Know other people’s perspective. Collaboration can be both rewarding and frustrating. Any form of communications takes valuable time away from the work people are officially assigned to, so we must always respect their commitment. Know their perspective and goal in the company, so you know would understand their response much better, and see how the collaboration can benefit their work, and the it can be mutually beneficial and long lasting.
Think about other teams when making decisions. The whole Facebook backend is connected together through hardware and software dependencies, and one team’s decision will have an impact on the other teams’ systems. For example, when deciding how many machines are needed for a service, we not only need to consider how much bandwidth each machine can provide, but also if we use 100% of the machine bandwidth, would it saturate the rack’s bandwidth and affect other teams’ services in the same rack? When developing our system, we have on multiple occasions been affected by issues in other systems and they are usually quite difficult to trace and debug, so we must try not to cause trouble for other teams ourselves.
Keep a sense of direction. We need to overcome many hurdles when developing a new system, and we are constantly budgeted by our time and energy. Good engineers not only need to solve problems quickly, but they also need to know what problems are important to solve. This usually involves analyzing the logs, finding the root issues, designing proper solutions, and prioritizing the tasks. Keep a sense a direction while taking care of the infinite engineering details is critical to moving fast in this rapidly changing and ever complex world.
Production and research
I have spent more than three years in my PhD now. All my previous internships had been more or less research oriented, and this was my first internship where I have closely worked with production systems. We designed and implemented a load testing framework for SVE and ran a series of tests that greatly accelerated the progress to finally launch SVE. We implemented RIPQ, a flash-based caching framework in Facebook CDN. Previously it was only a academic prototype, and now it has been rolled out in production. As I put more effort into production systems and start to appreciate all the engineering efforts, I have a deeper understanding of research as well, and the characteristics and strengths of both worlds.

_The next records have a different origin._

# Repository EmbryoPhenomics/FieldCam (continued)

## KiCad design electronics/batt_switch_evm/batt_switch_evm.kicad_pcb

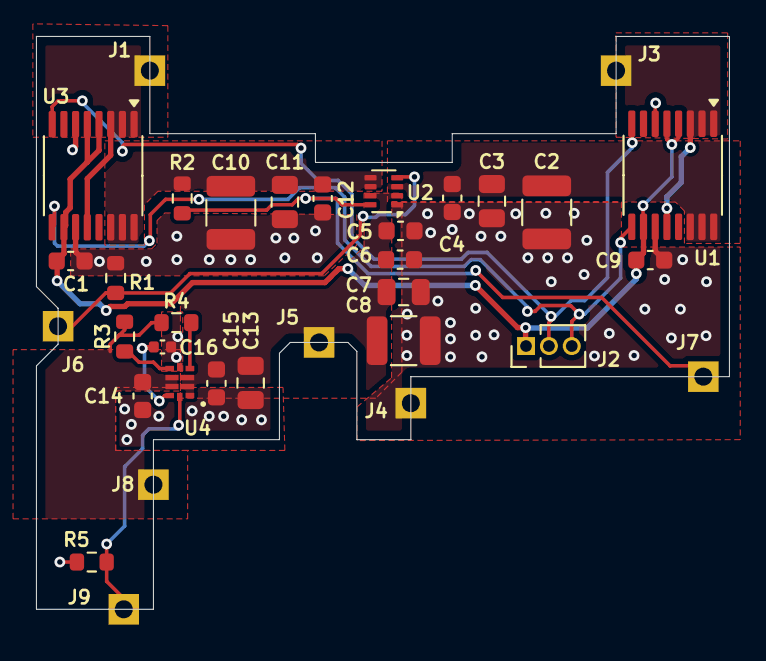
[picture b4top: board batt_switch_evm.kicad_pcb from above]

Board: 2 copper layers, 38.5 x 31.8 mm, 34 parts (0 on the bottom side), 16 nets.

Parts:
C1, C4, C5, C9, C12, C14, C15: 0.1uF; C_0603_1608Metric
C2, C8, C10: 100uF; C_1210_3225Metric
C3, C7, C11: 10uF; C_0805_2012Metric
C6: 1uF; C_0603_1608Metric
C13: 1uF; C_0805_2012Metric
C16: 1000pF; C_0402_1005Metric
J1, J3, J4, J5, J6, J7, J8, J9: Conn_01x01_Pin; PinSocket_1x01_P2.54mm_Vertical
J2: Conn_01x03_Socket; PinHeader_1x03_P1.27mm_Vertical
R1, R2, R3, R4, R5: 10kR; R_0603_1608Metric
U1, U3: INA260; TSSOP-16_4.4x5mm_P0.65mm
U2: TPS2117; SOT-583-8
U4: TPS22997RYZR; WQFN-HR10_RYZ_TEX

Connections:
5V_EN: J9.1, R5.2, U4.10 (ON)
+3.3V: C1.1, C9.1, J2.1, U1.4 (A1), U1.5 (A0), U1.10 (VS), U3.4 (A1), U3.5 (A0), U3.10 (VS)
+5V_IN: C14.1, J8.1, R3.1, R4.1, U4.7 (VOUT), U4.8 (VOUT)
+BATT1: C10.1, C11.1, C12.1, R2.2, U2.5 (MODE), U2.6 (VIN2), U3.14 (IN-), U3.15 (IN-), U3.16 (IN-)
+BATT2: C2.1, C3.1, C4.1, U1.14 (IN-), U1.15 (IN-), U1.16 (IN-), U2.3 (VIN1)
+VBAT: C5.1, C6.1, C7.1, C8.1, C13.1, C15.1, J5.1, U2.2 (VOUT), U2.7 (VOUT), U4.1 (VBIAS), U4.2 (VIN), U4.3 (VIN)
BATT1_IN: J1.1, U3.1 (IN+), U3.2 (IN+), U3.3 (IN+), U3.12 (VBUS)
BATT2_IN: J3.1, U1.1 (IN+), U1.2 (IN+), U1.3 (IN+), U1.12 (VBUS)
BATT_ST: J7.1, R2.1, U2.8 (ST)
BATT_SW: J6.1, R1.1, U2.4 (PR1)
GND: C1.2, C2.2, C3.2, C4.2, C5.2, C6.2, C7.2, C8.2, C9.2, C10.2, C11.2, C12.2, C13.2, C14.2, C15.2, C16.2, J4.1, R1.2, R5.1, U1.6 (GND), U1.11 (GND), U2.1 (GND), U3.6 (GND), U3.11 (GND), U4.5 (GND)
MSCL: J2.3, U1.9 (SCL), U3.9 (SCL)
MSDA: J2.2, U1.8 (SDA), U3.8 (SDA)
unnamed: C16.1, U4.9 (CT)
unnamed: R4.2, U4.4 (PG)
unnamed: R3.2, U4.6 (QOD)

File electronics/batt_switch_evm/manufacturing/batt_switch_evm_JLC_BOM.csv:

Comment,Designator,Footprint,JLCPCB Part #,Notes,Correct?
INA260,"U3,U1",TSSOP-16_4.4x5mm_P0.65mm,C2155885,,
10kR,"R3,R5,R4,R2,R1",R_0603_1608Metric,C99198,,
1uF,C6,C_0603_1608Metric,C77386,,
0.1uF,"C4,C1,C9,C15,C12,C14,C5",C_0603_1608Metric,C77055,,
100uF,"C10,C8,C2",C_1210_3225Metric,C5719639,,
10uF,"C7,C3,C11",C_0805_2012Metric,C84416,,
1000pF,C16,C_0402_1005Metric,C76947,,
TPS22997RYZR,U4,WQFN-HR10_RYZ_TEX,C17286840,,
1uF,C13,C_0805_2012Metric,C77083,,
TPS2117,U2,SOT-583-8,C22399676,,

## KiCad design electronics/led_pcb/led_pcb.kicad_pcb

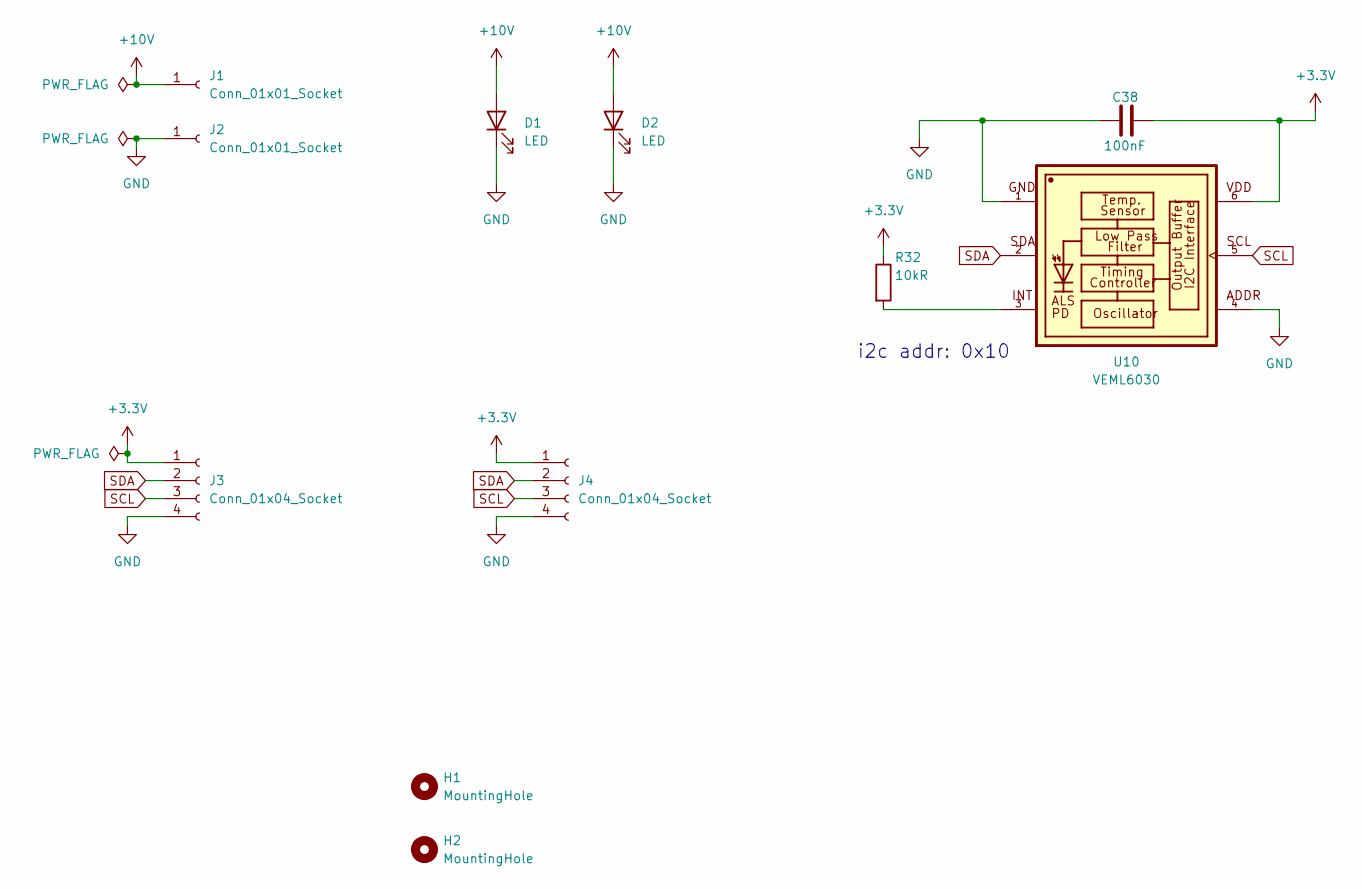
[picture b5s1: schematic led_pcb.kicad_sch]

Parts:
C38: 100nF; C_0402_1005Metric
D1, D2: LED; LED-SMD_L3.5-W2.8-R-FD-WHITE
H1, H2: MountingHole; MountingHole_2.2mm_M2
J1, J2: Conn_01x01_Socket; TestPoint_THTPad_2.0x2.0mm_Drill1.0mm
J3, J4: Conn_01x04_Socket; PinHeader_1x04_P1.27mm_Vertical
R32: 10kR; R_0402_1005Metric
U10: VEML6030; VISHAY_VEML6030_2X2X0.87

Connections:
+3.3V: C38.2, J3.1, J4.1, R32.1, U10.6
+10V: D1.2 (A), D2.2 (A), J1.1
GND: C38.1, D1.1 (K), D2.1 (K), J2.1, J3.4, J4.4, U10.1, U10.4
MSCL: J3.3, J4.3, U10.5
MSDA: J3.2, J4.2, U10.2
unnamed: R32.2, U10.3

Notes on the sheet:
i2c addr: 0x10

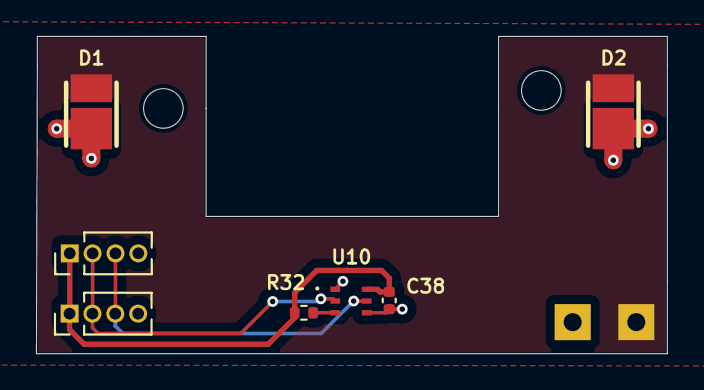
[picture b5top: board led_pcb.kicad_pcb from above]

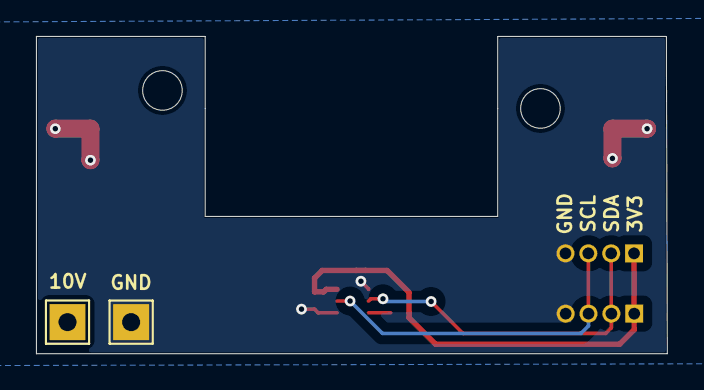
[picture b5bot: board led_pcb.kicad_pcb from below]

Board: 2 copper layers, 35.1 x 17.6 mm, 11 parts (2 on the bottom side), 6 nets.

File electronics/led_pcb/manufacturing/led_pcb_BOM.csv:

"Reference","Qty","Value","DNP","Exclude from BOM","Exclude from Board","Footprint","Datasheet"
"C38","1","100nF","","","","Capacitor_SMD:C_0402_1005Metric","~"
"D1,D2","2","LED","","","","jlcpcb:LED-SMD_L3.5-W2.8-R-FD-WHITE","~"
"H1,H2","2","MountingHole","","Excluded from BOM","","MountingHole:MountingHole_2.2mm_M2","~"
"J1,J2","2","Conn_01x01_Socket","","","","TestPoint:TestPoint_THTPad_2.0x2.0mm_Drill1.0mm","~"
"J3,J4","2","Conn_01x04_Socket","","","","Connector_PinHeader_1.27mm:PinHeader_1x04_P1.27mm_Vertical","~"
"R32","1","10kR","","","","Resistor_SMD:R_0402_1005Metric","~"
"U10","1","VEML6030","","","","jlcpcb:VISHAY_VEML6030_2X2X0.87",""

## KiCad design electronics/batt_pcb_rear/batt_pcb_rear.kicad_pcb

Developing a production system is a comprehensive effort, and we need to get all things working before the whole system can run smoothly. There are often many alternative techniques for the implementation of one functionality, and most of the time, one technique won’t be crucial for the success of the whole system—a suboptimal technique might be slower, require more hardware, or it’s just some quick hack that doesn’t generalize to all situations, but it would still work.
Research on the other hand often focuses on one specific issue seen in production. We find an interesting problem, formulate a clean abstraction about it, and based on this abstraction try to understand and solve a general class of problems really well. Another way of doing research is to start from ideas. In systems for example, good ideas like consistent hashing, bloom filters, lineage, provide solution for an array of different problems.
Production and research seem to be two different worlds, but can they be reconciled together? We must look at the big picture. Although usually no single technique is critical to the success of one production system, when we inspect all its aspects, we find that they often stem from research projects. The contribution of one project to one system might be small, but the aggregate effect on the whole community can be great.
I’m also glad to see Facebook’s open attitude towards research. Many engineers, some without formal research training, take an interest in research projects and devote part of their time to research activities. The desire to discover and share new knowledge is deeply rooted in us after all.